(Records from a collection)
===============
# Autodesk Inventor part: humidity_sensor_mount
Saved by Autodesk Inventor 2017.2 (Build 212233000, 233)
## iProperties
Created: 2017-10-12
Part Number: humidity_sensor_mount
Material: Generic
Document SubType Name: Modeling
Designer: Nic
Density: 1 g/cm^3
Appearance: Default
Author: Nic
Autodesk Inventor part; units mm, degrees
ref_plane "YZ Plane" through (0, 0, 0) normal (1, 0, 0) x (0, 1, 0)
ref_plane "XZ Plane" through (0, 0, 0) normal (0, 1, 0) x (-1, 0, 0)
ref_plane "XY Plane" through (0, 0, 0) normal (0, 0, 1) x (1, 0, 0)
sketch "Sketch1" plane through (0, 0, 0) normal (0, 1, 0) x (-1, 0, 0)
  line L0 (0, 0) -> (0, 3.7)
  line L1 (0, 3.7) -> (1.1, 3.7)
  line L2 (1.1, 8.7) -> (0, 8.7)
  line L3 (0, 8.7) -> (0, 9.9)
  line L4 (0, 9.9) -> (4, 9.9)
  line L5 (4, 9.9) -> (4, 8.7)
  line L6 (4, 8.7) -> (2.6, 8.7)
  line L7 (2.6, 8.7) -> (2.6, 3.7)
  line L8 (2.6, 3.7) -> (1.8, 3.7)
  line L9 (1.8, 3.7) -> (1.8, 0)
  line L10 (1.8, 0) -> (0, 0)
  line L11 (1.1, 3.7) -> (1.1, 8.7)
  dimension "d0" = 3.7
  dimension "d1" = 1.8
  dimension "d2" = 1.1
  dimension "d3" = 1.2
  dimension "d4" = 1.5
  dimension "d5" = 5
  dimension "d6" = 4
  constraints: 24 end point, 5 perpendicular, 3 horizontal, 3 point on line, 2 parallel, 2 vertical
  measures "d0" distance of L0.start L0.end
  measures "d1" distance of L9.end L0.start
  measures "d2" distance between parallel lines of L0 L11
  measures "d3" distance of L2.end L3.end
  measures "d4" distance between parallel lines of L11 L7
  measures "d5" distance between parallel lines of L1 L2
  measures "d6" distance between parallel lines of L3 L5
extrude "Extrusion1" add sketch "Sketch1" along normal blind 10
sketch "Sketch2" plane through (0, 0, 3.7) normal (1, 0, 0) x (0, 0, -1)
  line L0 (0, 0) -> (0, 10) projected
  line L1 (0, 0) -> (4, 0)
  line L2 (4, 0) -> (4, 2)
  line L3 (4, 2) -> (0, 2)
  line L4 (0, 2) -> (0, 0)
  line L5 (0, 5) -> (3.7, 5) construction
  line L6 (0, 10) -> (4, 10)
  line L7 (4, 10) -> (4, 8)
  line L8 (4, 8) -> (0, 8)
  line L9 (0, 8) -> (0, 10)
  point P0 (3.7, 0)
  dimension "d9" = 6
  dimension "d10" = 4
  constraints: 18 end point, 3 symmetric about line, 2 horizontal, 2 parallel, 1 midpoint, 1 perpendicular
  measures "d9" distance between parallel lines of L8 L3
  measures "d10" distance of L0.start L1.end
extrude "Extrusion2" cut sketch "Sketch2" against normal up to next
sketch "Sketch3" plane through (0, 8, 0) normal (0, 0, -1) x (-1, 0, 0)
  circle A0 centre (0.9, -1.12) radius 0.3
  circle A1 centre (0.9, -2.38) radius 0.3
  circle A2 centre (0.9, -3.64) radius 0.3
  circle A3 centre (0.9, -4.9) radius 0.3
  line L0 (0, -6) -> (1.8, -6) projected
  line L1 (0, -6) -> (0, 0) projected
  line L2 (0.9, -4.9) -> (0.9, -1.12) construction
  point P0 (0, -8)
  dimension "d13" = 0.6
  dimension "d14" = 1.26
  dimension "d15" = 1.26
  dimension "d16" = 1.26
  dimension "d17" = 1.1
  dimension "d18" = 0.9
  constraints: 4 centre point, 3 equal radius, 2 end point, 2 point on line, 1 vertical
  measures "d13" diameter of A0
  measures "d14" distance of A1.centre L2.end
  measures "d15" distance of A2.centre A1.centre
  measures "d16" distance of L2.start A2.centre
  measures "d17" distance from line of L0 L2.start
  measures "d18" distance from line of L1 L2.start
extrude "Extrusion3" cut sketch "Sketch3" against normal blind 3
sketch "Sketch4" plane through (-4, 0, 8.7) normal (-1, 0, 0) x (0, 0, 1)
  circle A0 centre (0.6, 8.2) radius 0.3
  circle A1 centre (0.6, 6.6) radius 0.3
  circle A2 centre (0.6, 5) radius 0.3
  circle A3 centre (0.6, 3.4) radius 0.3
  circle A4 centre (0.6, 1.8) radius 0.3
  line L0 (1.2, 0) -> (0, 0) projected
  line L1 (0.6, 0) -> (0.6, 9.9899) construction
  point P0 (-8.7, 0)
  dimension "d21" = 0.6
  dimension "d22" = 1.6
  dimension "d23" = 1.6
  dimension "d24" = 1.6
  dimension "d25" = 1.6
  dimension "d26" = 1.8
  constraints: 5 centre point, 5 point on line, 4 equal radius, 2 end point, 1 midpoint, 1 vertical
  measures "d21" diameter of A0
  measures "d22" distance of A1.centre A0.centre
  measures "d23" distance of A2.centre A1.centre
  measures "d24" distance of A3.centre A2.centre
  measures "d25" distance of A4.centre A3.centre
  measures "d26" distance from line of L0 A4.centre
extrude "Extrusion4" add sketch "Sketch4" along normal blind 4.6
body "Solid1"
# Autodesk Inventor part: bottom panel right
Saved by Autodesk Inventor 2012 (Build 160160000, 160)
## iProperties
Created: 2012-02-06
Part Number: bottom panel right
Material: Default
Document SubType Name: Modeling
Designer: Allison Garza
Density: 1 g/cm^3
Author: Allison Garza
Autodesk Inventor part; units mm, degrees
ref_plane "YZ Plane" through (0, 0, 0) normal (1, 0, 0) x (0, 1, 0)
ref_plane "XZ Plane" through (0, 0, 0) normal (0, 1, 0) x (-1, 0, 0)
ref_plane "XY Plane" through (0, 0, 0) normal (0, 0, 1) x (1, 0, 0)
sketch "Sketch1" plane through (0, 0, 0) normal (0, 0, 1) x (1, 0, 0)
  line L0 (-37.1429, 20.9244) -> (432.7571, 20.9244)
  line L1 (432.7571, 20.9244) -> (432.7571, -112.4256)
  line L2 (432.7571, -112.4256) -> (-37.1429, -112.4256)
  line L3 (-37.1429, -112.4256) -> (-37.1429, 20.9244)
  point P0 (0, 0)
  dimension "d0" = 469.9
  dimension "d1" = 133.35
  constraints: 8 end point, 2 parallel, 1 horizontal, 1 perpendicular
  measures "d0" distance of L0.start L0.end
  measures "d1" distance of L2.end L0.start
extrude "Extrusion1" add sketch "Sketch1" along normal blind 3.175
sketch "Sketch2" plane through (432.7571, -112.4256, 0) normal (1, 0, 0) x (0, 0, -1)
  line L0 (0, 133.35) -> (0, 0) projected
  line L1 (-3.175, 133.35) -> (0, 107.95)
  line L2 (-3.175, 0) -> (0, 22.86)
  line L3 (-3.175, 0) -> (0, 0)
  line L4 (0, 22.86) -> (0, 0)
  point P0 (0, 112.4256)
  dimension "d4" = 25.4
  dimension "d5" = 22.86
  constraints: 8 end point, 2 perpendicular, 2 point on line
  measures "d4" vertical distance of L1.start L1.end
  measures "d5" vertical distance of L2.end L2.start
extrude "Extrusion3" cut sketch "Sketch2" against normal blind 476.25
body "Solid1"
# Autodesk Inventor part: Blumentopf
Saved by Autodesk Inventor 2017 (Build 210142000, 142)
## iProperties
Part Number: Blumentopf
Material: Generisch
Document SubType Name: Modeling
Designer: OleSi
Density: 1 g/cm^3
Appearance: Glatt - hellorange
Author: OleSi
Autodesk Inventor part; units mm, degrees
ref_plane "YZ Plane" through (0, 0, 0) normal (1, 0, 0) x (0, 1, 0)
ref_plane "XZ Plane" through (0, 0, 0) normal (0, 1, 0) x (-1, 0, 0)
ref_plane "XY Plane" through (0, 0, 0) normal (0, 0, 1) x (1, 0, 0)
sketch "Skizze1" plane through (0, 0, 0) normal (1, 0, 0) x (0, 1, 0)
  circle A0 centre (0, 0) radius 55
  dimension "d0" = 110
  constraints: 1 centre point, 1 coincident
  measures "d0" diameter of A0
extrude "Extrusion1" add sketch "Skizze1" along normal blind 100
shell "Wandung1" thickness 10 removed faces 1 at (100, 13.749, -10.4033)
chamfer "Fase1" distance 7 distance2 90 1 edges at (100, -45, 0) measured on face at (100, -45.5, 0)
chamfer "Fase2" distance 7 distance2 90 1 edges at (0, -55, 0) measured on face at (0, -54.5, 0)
===============
The problem: When the word "Blumentopf" appears in a line of the data, that line is counted; report the number only.

Your response: 2